### Task goal
Of the records that follow, copy only the lines from the line containing "EKF/4(u4) -> Mux1/4" to the line containing "Robust_Tracking/2(sigma_rob) -> Fusion_Block/4(sigma_rob)", both included, exactly as written.

### Supplied entries
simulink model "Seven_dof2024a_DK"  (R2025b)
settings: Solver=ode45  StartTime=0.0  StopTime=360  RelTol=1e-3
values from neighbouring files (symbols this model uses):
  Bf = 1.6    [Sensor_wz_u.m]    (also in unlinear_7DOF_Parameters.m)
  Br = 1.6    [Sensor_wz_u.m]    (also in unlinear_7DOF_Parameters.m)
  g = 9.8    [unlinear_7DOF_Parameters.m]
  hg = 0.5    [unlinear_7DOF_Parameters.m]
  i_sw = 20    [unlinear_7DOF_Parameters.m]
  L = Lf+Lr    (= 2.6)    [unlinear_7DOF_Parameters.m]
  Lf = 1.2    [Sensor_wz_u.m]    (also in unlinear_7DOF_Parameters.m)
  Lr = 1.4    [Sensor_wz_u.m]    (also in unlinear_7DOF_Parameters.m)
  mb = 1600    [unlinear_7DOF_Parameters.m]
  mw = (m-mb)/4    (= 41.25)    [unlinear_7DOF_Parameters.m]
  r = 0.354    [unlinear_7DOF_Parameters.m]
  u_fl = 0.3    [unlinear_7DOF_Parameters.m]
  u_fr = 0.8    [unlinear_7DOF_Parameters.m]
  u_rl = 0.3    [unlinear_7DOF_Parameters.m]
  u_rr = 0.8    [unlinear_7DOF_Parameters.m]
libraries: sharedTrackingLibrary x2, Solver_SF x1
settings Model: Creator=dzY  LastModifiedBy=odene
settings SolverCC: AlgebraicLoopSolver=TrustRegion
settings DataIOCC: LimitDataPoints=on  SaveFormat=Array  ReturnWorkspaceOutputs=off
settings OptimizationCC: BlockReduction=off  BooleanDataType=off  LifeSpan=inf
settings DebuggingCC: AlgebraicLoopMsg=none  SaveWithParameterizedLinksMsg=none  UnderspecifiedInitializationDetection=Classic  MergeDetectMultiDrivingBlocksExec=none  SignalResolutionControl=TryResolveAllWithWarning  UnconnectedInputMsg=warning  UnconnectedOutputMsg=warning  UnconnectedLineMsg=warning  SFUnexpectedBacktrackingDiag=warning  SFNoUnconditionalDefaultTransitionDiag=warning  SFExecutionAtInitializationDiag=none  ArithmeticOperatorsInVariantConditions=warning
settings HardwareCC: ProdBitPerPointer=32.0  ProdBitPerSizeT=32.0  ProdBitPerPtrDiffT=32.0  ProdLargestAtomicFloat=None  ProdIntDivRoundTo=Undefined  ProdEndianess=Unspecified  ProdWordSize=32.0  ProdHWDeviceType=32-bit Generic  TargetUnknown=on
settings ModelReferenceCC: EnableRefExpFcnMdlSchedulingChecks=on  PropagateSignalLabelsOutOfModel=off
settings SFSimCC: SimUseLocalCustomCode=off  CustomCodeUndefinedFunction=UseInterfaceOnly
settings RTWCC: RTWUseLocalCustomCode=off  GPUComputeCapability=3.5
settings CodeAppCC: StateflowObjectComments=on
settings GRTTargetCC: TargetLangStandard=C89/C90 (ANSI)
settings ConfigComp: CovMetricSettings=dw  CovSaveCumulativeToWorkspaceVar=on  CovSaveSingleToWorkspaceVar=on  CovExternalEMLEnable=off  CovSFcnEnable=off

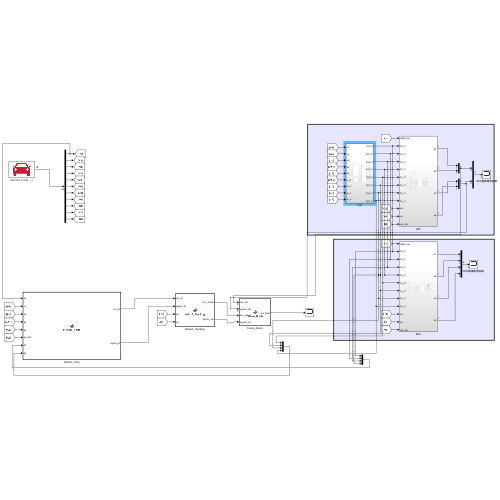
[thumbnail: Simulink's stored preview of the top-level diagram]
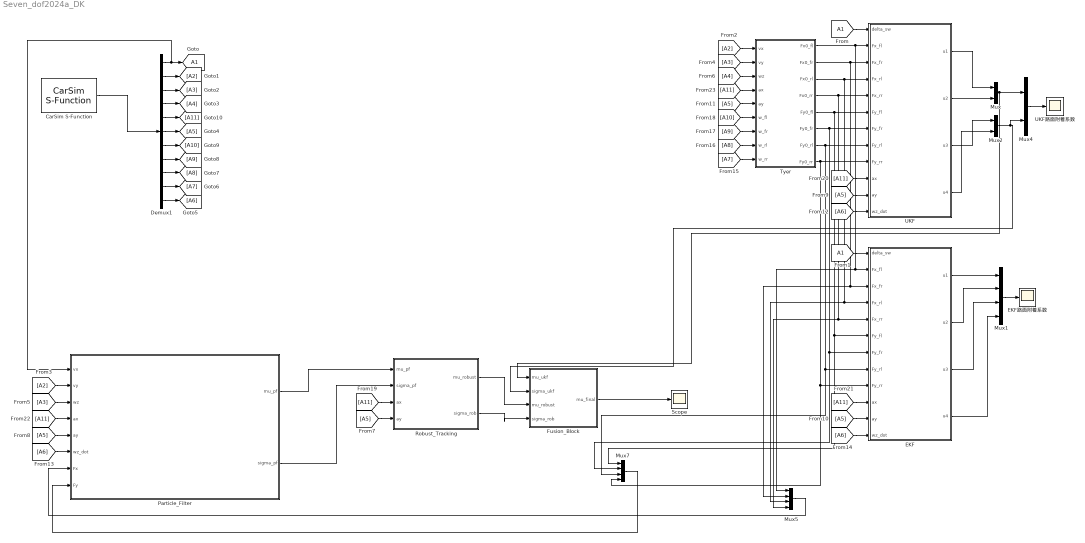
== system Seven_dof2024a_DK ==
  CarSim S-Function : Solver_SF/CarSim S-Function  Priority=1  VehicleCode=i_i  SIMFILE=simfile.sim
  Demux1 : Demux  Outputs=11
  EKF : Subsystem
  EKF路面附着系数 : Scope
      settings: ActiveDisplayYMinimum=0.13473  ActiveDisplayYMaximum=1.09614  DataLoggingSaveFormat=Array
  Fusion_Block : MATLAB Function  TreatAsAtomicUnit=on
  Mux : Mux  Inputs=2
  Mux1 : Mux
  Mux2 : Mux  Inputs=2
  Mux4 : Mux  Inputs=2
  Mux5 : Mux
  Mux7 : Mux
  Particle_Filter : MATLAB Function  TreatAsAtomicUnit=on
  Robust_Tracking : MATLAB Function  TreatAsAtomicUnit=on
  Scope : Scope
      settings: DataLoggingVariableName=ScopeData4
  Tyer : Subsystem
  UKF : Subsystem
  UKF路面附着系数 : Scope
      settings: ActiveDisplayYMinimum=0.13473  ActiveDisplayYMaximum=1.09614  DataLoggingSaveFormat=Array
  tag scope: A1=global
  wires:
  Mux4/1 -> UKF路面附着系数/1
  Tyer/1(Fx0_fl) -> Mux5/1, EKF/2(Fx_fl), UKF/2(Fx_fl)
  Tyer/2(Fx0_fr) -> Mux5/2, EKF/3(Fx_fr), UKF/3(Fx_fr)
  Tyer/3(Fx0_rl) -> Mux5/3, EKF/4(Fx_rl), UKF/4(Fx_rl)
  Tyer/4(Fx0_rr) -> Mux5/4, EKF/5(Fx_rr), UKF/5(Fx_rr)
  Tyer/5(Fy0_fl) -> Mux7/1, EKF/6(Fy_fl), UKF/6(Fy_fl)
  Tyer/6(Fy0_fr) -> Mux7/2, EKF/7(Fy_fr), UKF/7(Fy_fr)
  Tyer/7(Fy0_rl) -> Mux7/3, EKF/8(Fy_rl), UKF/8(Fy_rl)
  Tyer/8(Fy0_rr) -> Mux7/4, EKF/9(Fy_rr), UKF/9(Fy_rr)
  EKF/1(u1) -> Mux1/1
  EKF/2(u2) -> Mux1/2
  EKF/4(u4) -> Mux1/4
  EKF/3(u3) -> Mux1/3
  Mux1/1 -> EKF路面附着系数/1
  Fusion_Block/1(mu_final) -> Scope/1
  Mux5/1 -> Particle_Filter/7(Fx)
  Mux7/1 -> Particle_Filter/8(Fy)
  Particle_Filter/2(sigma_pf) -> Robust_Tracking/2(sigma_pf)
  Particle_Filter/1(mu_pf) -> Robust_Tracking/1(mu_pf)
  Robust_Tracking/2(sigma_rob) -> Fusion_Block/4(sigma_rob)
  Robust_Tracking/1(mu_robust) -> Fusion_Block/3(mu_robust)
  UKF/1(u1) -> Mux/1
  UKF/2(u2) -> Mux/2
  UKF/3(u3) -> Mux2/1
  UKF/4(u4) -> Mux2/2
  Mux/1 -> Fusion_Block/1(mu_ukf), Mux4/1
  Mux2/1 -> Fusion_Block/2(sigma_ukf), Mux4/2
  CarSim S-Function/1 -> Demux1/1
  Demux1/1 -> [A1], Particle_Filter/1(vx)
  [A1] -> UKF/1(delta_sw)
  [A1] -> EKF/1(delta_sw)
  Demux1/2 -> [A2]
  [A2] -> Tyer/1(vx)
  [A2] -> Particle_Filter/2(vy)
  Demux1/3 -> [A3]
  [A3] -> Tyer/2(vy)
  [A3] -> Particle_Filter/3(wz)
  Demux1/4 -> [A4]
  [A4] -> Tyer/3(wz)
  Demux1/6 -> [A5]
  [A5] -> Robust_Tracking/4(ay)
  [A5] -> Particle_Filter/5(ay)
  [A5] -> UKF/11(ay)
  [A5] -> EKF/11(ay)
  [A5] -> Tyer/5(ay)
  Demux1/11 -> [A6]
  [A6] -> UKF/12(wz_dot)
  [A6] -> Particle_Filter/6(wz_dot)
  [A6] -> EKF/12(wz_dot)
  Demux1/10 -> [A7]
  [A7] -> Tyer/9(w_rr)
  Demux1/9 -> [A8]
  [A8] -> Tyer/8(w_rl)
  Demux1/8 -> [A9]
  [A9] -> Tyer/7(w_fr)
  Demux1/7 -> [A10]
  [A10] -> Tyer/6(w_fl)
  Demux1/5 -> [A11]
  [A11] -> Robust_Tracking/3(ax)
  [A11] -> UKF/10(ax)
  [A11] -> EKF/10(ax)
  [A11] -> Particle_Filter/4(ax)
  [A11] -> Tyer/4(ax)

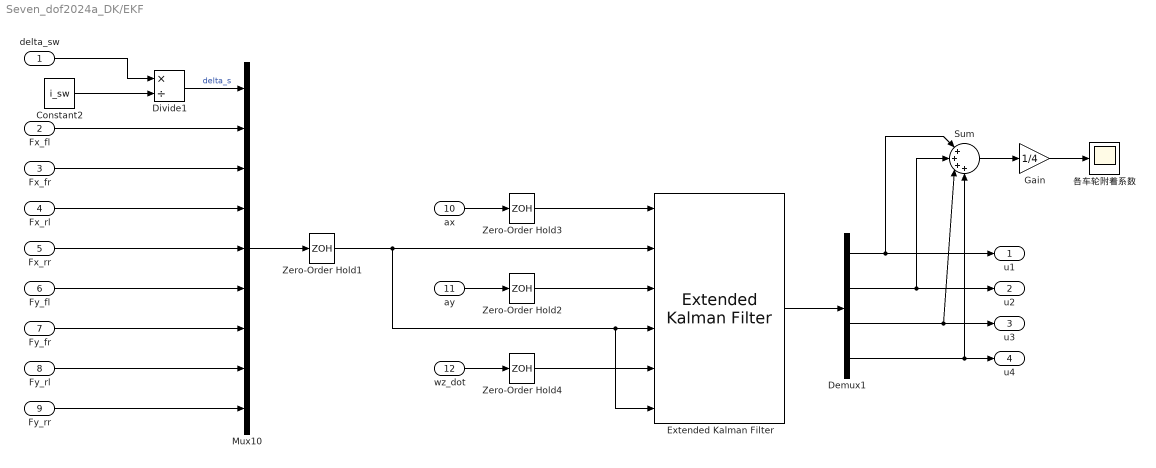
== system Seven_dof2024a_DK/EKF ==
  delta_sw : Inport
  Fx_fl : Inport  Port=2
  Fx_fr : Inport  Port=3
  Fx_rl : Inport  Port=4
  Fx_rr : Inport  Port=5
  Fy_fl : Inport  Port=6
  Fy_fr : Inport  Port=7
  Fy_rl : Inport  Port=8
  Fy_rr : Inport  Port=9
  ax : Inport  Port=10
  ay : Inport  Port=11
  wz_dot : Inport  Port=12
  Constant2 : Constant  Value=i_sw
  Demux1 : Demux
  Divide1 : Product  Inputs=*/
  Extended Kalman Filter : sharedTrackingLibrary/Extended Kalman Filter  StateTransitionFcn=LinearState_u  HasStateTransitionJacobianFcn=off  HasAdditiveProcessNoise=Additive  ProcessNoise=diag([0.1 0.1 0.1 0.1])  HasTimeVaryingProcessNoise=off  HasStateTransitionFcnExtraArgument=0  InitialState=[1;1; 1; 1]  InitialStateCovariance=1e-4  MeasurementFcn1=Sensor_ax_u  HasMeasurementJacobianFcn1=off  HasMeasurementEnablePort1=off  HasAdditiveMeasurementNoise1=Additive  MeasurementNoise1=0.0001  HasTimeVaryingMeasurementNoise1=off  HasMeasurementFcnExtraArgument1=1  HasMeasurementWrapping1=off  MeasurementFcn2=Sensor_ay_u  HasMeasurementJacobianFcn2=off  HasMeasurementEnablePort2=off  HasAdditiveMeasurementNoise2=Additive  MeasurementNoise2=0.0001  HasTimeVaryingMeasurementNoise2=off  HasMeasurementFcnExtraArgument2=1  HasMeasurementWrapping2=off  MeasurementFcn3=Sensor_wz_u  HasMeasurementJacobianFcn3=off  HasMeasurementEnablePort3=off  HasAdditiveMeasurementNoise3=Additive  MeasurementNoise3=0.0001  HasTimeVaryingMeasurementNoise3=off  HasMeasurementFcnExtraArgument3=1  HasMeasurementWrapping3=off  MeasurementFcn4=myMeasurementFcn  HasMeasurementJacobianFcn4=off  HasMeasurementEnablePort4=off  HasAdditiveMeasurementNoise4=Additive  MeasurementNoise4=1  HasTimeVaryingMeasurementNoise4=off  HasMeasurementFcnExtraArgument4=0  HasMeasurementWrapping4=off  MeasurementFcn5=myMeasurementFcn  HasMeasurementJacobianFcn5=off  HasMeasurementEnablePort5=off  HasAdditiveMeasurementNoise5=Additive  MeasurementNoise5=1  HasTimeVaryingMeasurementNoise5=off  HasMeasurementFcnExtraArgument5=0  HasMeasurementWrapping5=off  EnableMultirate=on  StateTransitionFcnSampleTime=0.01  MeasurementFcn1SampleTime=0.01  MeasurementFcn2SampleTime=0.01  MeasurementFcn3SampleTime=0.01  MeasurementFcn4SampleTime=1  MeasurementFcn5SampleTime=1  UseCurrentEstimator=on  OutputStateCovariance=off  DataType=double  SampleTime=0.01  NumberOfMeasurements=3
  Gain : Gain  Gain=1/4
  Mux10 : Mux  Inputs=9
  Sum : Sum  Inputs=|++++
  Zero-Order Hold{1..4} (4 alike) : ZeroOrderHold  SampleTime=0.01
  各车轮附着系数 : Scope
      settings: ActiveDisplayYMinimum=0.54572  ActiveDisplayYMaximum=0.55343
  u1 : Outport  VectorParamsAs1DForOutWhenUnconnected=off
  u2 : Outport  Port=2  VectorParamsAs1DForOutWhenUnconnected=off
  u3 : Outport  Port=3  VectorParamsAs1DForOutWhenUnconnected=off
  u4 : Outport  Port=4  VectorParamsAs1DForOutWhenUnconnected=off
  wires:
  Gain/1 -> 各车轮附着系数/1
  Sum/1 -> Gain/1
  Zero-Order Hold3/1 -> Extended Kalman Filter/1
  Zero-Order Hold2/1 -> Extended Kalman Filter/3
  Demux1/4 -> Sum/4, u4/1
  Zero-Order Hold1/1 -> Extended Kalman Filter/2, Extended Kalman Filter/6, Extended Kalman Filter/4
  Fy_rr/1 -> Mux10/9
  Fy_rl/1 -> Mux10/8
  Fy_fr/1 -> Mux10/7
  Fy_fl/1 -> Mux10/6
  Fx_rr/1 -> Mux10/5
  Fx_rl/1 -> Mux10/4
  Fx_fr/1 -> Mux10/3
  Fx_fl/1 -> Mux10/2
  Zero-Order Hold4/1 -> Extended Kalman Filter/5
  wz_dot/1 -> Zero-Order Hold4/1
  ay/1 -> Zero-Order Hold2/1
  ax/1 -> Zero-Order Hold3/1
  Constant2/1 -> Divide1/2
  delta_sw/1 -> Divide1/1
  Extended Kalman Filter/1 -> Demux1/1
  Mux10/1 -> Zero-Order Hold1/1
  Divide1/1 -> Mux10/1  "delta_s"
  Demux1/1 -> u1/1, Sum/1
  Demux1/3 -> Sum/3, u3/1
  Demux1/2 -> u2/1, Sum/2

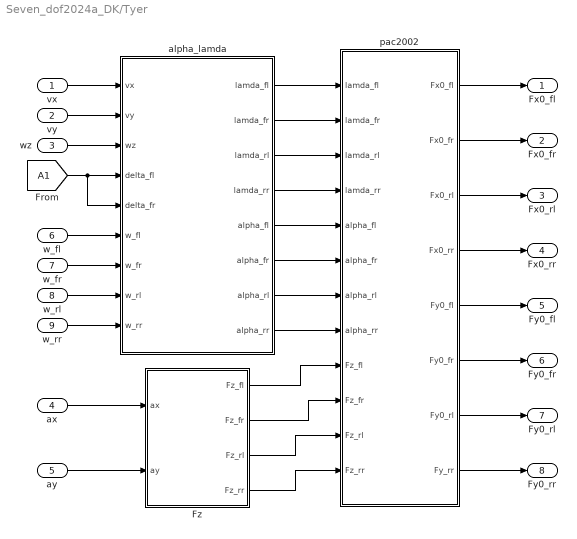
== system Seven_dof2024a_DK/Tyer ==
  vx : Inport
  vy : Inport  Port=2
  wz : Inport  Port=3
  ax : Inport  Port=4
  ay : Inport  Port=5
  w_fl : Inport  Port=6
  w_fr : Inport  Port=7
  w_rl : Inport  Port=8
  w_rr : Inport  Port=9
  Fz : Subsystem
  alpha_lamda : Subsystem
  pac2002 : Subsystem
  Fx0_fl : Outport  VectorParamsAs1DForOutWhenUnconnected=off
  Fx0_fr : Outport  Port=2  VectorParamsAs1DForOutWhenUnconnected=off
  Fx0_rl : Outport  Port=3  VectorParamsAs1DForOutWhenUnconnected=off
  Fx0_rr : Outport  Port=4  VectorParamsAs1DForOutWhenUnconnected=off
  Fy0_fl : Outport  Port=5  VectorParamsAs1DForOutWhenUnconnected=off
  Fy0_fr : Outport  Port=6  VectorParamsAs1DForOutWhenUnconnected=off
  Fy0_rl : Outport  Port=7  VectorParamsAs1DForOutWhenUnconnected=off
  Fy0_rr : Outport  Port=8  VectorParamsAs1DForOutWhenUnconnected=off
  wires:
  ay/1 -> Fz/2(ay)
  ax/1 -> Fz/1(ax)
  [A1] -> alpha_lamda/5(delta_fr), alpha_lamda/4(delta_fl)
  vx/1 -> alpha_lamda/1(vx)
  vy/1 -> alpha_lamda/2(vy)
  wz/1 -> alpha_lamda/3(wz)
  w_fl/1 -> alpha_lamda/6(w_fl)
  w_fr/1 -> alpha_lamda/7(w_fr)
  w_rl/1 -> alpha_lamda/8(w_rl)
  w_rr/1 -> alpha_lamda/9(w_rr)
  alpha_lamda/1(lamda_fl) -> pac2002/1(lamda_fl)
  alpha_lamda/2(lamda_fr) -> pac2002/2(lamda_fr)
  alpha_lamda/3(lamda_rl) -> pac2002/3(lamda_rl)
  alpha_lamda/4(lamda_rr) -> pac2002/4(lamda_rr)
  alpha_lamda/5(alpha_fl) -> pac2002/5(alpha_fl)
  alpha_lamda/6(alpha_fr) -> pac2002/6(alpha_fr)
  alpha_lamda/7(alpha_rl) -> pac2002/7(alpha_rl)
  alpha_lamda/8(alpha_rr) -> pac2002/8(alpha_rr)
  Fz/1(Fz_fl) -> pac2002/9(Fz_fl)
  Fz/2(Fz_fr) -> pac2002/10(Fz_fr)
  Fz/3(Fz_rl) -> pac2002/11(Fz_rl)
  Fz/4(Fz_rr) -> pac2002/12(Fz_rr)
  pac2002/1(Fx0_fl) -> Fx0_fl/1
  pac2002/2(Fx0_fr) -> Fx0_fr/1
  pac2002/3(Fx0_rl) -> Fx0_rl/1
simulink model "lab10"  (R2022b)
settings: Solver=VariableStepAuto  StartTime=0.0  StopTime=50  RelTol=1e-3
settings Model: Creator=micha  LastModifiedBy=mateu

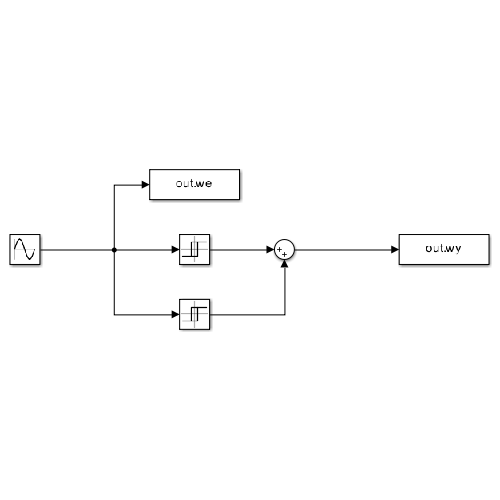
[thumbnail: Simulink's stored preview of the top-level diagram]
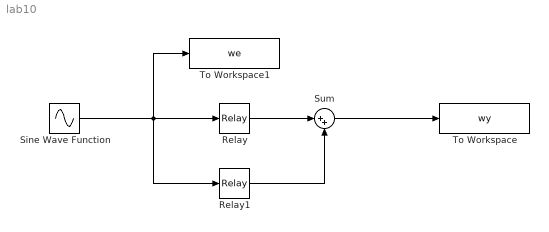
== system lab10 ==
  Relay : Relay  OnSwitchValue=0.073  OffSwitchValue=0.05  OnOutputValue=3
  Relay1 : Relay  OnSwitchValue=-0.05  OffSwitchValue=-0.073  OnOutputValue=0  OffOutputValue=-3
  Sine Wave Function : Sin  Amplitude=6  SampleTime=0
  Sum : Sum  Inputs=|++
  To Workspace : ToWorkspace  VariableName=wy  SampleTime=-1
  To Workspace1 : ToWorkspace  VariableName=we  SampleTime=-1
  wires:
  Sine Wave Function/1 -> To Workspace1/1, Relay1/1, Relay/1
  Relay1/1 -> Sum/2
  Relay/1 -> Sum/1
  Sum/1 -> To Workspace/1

### Final answer
  EKF/4(u4) -> Mux1/4
  EKF/3(u3) -> Mux1/3
  Mux1/1 -> EKF路面附着系数/1
  Fusion_Block/1(mu_final) -> Scope/1
  Mux5/1 -> Particle_Filter/7(Fx)
  Mux7/1 -> Particle_Filter/8(Fy)
  Particle_Filter/2(sigma_pf) -> Robust_Tracking/2(sigma_pf)
  Particle_Filter/1(mu_pf) -> Robust_Tracking/1(mu_pf)
  Robust_Tracking/2(sigma_rob) -> Fusion_Block/4(sigma_rob)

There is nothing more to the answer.